* _WHAT YOU HAVE TO DO_
The entries that follow include a run beginning at the line with "blk.add_lwpolyline(points)" and ending at the line with "blk = doc.blocks.new('*U162')"; restate that run word for word and leave the rest out.
====== DATA RECORDS ======
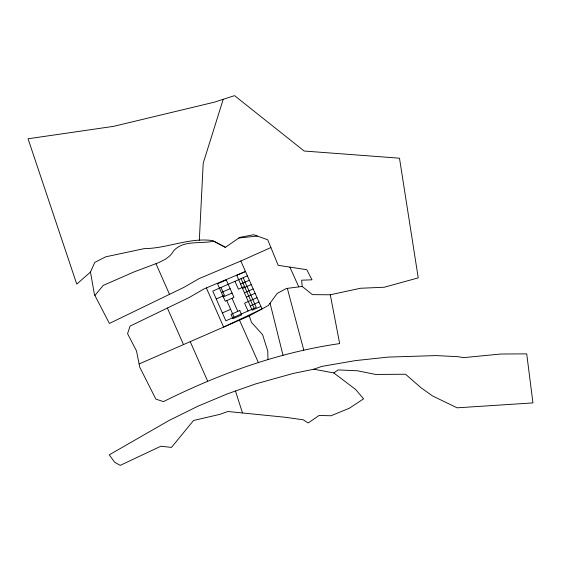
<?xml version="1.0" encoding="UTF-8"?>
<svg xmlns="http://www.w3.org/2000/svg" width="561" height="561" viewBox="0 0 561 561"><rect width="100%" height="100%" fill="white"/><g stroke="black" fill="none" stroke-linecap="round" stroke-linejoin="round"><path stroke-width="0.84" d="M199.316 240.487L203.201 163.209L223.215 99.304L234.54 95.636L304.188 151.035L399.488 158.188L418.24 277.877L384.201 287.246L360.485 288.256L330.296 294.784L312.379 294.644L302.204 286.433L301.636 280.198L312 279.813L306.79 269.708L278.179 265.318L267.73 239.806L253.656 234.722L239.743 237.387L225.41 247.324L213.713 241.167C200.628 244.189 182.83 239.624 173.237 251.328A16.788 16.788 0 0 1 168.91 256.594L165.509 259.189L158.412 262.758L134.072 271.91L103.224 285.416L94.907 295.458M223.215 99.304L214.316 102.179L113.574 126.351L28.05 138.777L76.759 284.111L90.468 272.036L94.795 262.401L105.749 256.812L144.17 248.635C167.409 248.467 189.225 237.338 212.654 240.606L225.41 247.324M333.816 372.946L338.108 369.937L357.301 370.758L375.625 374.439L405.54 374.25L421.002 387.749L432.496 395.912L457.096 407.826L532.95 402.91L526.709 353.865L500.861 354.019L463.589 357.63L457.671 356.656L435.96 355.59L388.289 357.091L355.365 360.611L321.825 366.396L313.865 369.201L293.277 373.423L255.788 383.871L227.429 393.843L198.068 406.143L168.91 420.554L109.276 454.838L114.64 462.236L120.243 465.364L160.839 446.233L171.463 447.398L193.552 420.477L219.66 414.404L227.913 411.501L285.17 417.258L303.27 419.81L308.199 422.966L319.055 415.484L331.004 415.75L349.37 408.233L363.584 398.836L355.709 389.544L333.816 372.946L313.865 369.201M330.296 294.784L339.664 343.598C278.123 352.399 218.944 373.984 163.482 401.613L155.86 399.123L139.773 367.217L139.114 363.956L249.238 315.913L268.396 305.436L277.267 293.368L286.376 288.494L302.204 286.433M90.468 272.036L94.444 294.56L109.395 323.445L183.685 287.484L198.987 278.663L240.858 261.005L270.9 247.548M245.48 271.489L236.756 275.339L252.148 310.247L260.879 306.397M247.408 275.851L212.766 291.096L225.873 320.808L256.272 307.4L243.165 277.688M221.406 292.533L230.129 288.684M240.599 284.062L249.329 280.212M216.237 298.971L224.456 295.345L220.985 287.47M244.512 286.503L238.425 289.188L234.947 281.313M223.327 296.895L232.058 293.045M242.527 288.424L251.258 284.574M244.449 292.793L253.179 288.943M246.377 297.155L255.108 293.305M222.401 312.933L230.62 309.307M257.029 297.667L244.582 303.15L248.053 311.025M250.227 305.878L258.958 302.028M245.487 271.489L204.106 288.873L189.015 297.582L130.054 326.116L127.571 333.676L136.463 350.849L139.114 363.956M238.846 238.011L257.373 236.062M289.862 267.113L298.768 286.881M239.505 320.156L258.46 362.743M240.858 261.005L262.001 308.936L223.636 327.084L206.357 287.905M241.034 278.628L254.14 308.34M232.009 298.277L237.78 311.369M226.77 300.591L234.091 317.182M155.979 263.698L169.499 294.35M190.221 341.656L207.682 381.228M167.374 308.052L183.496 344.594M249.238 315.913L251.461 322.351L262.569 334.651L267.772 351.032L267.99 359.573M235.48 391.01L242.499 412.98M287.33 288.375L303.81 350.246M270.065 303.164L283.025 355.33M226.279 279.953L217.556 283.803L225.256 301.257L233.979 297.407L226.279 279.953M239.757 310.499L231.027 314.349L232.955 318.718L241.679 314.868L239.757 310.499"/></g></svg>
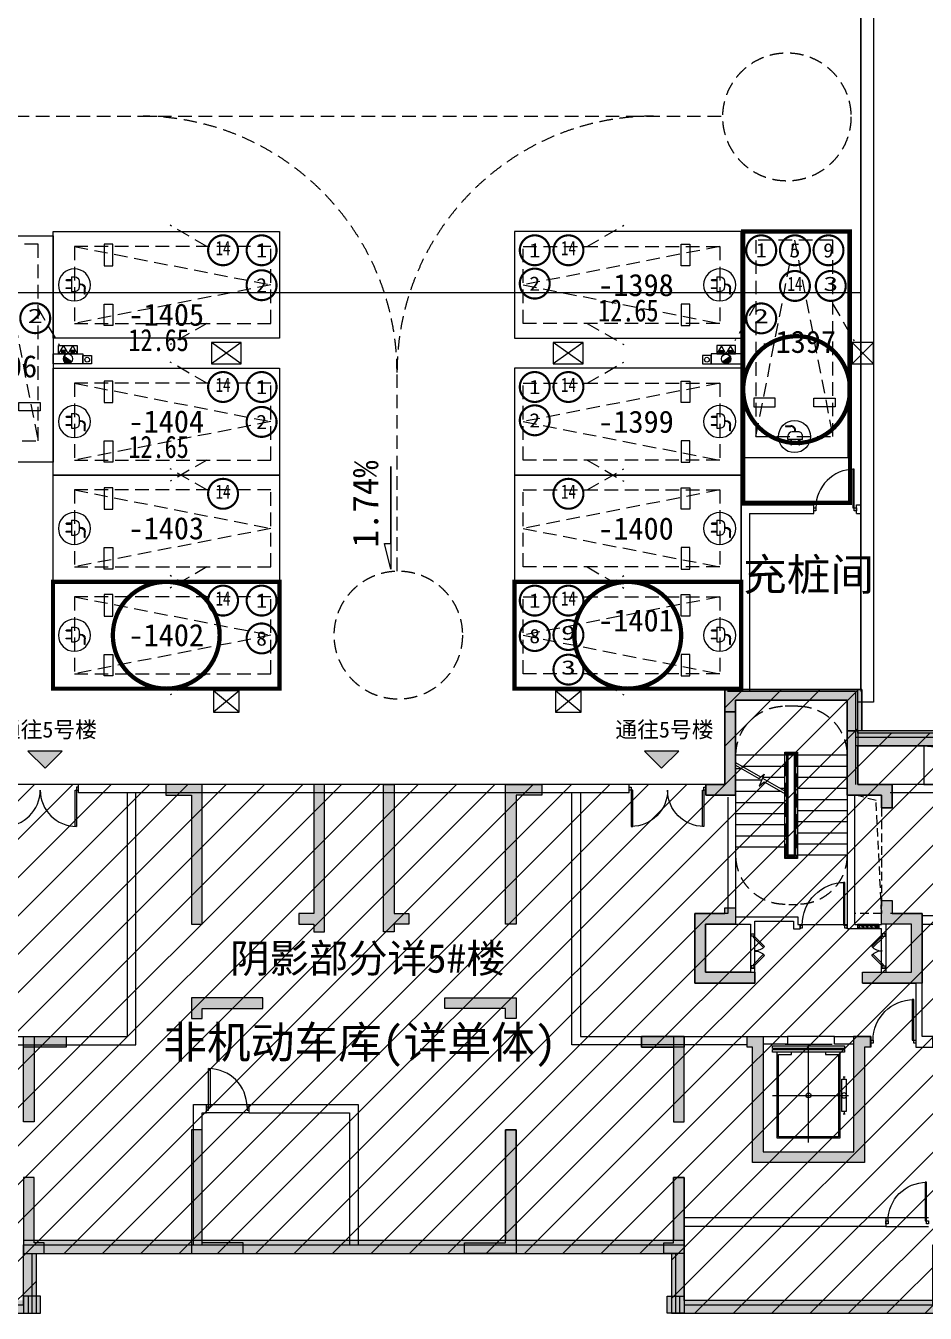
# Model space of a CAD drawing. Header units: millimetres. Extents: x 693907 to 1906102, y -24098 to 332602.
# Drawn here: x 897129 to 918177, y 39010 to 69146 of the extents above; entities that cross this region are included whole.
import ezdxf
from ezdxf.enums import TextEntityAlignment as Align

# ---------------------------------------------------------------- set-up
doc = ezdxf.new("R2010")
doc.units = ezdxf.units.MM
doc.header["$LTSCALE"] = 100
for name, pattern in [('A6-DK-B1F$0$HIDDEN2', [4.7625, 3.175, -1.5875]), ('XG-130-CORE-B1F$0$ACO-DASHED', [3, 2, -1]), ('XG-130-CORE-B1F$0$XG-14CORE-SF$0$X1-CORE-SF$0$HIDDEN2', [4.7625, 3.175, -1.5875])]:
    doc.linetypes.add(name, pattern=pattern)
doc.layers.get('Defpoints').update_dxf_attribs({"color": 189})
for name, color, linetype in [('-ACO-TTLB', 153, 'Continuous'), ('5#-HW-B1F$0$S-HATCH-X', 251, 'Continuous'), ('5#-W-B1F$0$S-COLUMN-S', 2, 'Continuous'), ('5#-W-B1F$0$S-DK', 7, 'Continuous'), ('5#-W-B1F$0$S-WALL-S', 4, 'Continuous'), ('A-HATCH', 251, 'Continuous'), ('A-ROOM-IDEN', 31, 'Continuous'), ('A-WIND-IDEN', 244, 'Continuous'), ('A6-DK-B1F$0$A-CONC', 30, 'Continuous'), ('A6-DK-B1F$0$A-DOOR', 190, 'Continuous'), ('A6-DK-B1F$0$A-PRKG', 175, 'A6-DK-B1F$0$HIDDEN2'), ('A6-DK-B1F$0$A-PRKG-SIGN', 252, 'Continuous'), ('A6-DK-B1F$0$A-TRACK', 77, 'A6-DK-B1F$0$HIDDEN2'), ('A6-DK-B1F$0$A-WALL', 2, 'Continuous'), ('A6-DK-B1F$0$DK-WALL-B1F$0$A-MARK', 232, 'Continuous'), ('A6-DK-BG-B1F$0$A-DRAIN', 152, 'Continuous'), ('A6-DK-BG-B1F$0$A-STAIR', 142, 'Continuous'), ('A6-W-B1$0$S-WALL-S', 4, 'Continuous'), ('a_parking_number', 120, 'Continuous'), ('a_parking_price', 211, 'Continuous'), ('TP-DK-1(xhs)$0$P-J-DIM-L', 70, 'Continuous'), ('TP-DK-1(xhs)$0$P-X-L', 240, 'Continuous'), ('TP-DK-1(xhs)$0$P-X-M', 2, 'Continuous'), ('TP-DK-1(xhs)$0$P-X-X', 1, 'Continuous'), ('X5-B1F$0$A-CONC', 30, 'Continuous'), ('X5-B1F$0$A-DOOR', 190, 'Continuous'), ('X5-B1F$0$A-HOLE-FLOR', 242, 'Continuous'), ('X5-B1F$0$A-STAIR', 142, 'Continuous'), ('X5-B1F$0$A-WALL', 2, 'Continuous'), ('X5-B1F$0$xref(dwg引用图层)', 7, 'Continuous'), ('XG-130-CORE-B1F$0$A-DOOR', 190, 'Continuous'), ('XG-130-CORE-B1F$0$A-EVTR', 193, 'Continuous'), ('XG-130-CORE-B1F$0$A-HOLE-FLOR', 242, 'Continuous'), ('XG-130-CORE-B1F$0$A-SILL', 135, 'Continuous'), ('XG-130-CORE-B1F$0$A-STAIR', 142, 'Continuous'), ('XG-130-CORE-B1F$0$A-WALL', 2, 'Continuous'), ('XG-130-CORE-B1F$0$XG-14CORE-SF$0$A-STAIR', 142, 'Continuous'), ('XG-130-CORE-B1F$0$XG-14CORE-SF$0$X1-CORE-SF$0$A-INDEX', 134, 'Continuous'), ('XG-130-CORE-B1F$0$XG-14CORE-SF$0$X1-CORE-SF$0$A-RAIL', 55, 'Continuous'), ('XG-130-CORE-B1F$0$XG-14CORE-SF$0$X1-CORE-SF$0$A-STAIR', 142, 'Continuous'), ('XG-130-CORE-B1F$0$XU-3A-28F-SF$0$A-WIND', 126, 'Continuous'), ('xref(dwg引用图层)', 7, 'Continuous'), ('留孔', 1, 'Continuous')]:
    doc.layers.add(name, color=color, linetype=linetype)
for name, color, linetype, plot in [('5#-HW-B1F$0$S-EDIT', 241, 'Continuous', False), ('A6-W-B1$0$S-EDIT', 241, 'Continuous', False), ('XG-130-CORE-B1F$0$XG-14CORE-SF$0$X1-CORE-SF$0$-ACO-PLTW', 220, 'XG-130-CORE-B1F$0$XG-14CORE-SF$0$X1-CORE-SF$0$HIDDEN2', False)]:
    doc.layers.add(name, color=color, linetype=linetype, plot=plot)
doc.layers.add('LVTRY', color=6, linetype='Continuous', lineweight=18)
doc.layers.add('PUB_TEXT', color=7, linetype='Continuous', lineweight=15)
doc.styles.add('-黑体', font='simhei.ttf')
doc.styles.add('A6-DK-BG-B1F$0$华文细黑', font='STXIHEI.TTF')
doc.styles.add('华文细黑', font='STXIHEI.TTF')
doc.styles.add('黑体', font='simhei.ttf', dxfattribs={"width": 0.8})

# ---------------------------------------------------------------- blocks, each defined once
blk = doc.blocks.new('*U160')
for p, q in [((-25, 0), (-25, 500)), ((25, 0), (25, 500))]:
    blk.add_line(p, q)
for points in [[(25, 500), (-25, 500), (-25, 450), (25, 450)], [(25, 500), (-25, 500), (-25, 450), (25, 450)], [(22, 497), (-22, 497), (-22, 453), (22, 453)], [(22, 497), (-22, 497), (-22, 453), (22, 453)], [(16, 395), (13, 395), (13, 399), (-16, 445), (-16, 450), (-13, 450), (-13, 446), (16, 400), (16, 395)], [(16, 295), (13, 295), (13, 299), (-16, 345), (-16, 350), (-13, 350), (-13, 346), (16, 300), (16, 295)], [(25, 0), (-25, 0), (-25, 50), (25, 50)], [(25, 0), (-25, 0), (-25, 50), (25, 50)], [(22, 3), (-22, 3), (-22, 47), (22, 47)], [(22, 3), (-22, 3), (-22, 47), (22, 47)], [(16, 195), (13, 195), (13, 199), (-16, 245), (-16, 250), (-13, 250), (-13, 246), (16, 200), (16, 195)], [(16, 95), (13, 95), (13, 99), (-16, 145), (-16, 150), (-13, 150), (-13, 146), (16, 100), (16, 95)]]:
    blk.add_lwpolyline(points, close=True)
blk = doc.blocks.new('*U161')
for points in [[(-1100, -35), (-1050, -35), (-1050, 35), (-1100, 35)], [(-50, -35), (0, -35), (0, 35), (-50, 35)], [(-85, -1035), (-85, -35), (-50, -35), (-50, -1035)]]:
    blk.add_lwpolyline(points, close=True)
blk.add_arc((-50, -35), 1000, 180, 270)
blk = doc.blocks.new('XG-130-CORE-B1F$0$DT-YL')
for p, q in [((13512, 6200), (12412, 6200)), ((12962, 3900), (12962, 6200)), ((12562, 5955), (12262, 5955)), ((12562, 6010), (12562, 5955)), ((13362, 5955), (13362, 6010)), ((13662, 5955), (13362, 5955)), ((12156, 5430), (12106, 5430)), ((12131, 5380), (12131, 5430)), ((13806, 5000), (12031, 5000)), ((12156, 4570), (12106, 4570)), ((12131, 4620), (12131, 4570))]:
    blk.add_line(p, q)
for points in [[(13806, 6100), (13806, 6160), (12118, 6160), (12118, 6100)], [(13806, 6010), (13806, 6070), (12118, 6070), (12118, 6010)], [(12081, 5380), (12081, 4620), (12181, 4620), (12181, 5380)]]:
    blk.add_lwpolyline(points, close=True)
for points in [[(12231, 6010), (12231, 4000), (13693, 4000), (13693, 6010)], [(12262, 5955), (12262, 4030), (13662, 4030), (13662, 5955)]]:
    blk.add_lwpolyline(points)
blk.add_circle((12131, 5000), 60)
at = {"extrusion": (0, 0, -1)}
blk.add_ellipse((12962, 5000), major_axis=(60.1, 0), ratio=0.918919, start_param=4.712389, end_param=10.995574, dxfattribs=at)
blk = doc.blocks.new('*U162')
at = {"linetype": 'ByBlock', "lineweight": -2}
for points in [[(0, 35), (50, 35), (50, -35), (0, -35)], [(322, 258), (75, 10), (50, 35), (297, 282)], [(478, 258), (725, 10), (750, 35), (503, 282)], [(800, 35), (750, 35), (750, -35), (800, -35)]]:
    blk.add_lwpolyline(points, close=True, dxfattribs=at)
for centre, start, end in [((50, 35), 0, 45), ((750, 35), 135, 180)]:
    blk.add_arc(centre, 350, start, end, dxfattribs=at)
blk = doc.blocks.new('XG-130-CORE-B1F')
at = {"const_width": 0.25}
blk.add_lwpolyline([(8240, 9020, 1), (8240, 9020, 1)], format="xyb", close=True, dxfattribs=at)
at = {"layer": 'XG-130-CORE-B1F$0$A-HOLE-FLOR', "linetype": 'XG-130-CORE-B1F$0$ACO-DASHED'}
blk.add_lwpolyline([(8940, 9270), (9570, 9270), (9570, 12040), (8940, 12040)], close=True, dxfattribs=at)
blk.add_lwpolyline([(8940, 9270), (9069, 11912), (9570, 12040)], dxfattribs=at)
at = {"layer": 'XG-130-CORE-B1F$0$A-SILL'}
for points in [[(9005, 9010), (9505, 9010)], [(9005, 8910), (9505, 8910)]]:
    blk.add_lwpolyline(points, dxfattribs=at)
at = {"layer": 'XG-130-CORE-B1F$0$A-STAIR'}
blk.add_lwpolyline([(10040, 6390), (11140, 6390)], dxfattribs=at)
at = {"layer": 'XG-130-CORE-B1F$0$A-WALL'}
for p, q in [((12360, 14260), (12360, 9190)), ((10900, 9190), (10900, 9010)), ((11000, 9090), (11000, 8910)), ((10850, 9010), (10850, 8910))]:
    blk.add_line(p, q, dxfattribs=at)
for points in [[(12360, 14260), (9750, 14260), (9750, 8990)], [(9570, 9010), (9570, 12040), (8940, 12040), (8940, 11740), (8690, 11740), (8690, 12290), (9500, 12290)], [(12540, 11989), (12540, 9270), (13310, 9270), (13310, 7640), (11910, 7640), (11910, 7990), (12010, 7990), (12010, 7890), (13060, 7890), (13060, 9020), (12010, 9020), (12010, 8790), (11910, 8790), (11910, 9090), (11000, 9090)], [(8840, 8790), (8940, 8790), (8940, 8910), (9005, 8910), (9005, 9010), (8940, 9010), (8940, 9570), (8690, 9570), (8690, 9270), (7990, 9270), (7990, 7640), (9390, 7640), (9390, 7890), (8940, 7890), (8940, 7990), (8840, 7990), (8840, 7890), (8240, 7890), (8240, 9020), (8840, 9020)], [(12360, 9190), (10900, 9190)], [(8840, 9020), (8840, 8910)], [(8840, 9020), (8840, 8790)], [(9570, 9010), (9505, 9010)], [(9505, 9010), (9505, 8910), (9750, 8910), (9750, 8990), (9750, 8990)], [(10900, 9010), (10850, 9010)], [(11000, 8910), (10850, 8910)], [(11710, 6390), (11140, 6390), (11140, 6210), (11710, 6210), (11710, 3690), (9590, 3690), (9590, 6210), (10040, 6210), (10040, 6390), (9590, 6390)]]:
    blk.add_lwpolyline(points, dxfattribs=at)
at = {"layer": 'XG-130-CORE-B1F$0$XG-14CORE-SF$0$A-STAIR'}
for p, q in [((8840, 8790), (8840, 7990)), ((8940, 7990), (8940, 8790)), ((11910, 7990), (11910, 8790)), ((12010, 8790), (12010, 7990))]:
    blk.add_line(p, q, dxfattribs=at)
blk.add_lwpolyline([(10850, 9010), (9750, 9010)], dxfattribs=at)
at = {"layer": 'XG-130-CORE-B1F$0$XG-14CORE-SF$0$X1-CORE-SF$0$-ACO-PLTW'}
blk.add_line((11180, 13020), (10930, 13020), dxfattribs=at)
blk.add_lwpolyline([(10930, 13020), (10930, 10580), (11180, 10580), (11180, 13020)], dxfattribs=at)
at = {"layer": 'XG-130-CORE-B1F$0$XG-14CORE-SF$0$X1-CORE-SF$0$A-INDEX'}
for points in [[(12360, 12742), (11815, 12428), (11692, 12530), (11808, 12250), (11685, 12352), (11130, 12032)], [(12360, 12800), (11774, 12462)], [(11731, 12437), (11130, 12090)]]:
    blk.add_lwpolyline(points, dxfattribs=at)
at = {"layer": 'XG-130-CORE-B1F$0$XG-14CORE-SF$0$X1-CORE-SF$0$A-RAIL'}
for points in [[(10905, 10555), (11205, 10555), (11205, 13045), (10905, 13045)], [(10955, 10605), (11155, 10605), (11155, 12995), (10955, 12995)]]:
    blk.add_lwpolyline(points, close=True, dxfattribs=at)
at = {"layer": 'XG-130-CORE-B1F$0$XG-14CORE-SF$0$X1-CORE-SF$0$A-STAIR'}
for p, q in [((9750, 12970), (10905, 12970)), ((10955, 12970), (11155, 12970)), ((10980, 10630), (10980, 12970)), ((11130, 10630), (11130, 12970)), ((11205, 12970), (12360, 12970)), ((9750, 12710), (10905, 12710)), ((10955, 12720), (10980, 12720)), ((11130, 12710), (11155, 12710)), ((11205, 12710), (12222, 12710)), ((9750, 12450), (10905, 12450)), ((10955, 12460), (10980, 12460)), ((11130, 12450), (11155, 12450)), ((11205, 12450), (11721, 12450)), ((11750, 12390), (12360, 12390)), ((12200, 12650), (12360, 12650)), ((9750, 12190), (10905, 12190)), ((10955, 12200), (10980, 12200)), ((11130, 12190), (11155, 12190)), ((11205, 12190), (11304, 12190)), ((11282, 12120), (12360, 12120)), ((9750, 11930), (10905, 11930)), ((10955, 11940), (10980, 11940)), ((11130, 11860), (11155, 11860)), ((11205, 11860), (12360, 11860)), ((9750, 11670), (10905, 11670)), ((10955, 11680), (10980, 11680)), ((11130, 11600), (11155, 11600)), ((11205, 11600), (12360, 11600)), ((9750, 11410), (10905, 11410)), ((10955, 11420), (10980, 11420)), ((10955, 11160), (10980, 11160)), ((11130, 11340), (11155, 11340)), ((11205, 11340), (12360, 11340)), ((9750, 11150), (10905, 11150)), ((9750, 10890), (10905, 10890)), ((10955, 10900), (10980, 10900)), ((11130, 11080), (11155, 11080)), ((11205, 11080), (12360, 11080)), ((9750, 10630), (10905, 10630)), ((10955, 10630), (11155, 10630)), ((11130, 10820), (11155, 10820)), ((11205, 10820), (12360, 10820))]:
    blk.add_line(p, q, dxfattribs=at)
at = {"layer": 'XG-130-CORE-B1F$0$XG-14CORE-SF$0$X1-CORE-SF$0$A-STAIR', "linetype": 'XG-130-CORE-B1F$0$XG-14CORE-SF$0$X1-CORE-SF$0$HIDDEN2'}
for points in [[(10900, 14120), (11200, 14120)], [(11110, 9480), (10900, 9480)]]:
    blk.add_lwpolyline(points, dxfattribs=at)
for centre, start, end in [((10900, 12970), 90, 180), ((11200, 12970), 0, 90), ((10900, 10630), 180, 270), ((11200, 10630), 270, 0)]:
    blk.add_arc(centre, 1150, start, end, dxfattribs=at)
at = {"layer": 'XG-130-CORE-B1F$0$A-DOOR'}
======
* _WRITTEN ANSWER_
    blk.add_lwpolyline(points)
blk.add_circle((12131, 5000), 60)
at = {"extrusion": (0, 0, -1)}
blk.add_ellipse((12962, 5000), major_axis=(60.1, 0), ratio=0.918919, start_param=4.712389, end_param=10.995574, dxfattribs=at)
blk = doc.blocks.new('*U162')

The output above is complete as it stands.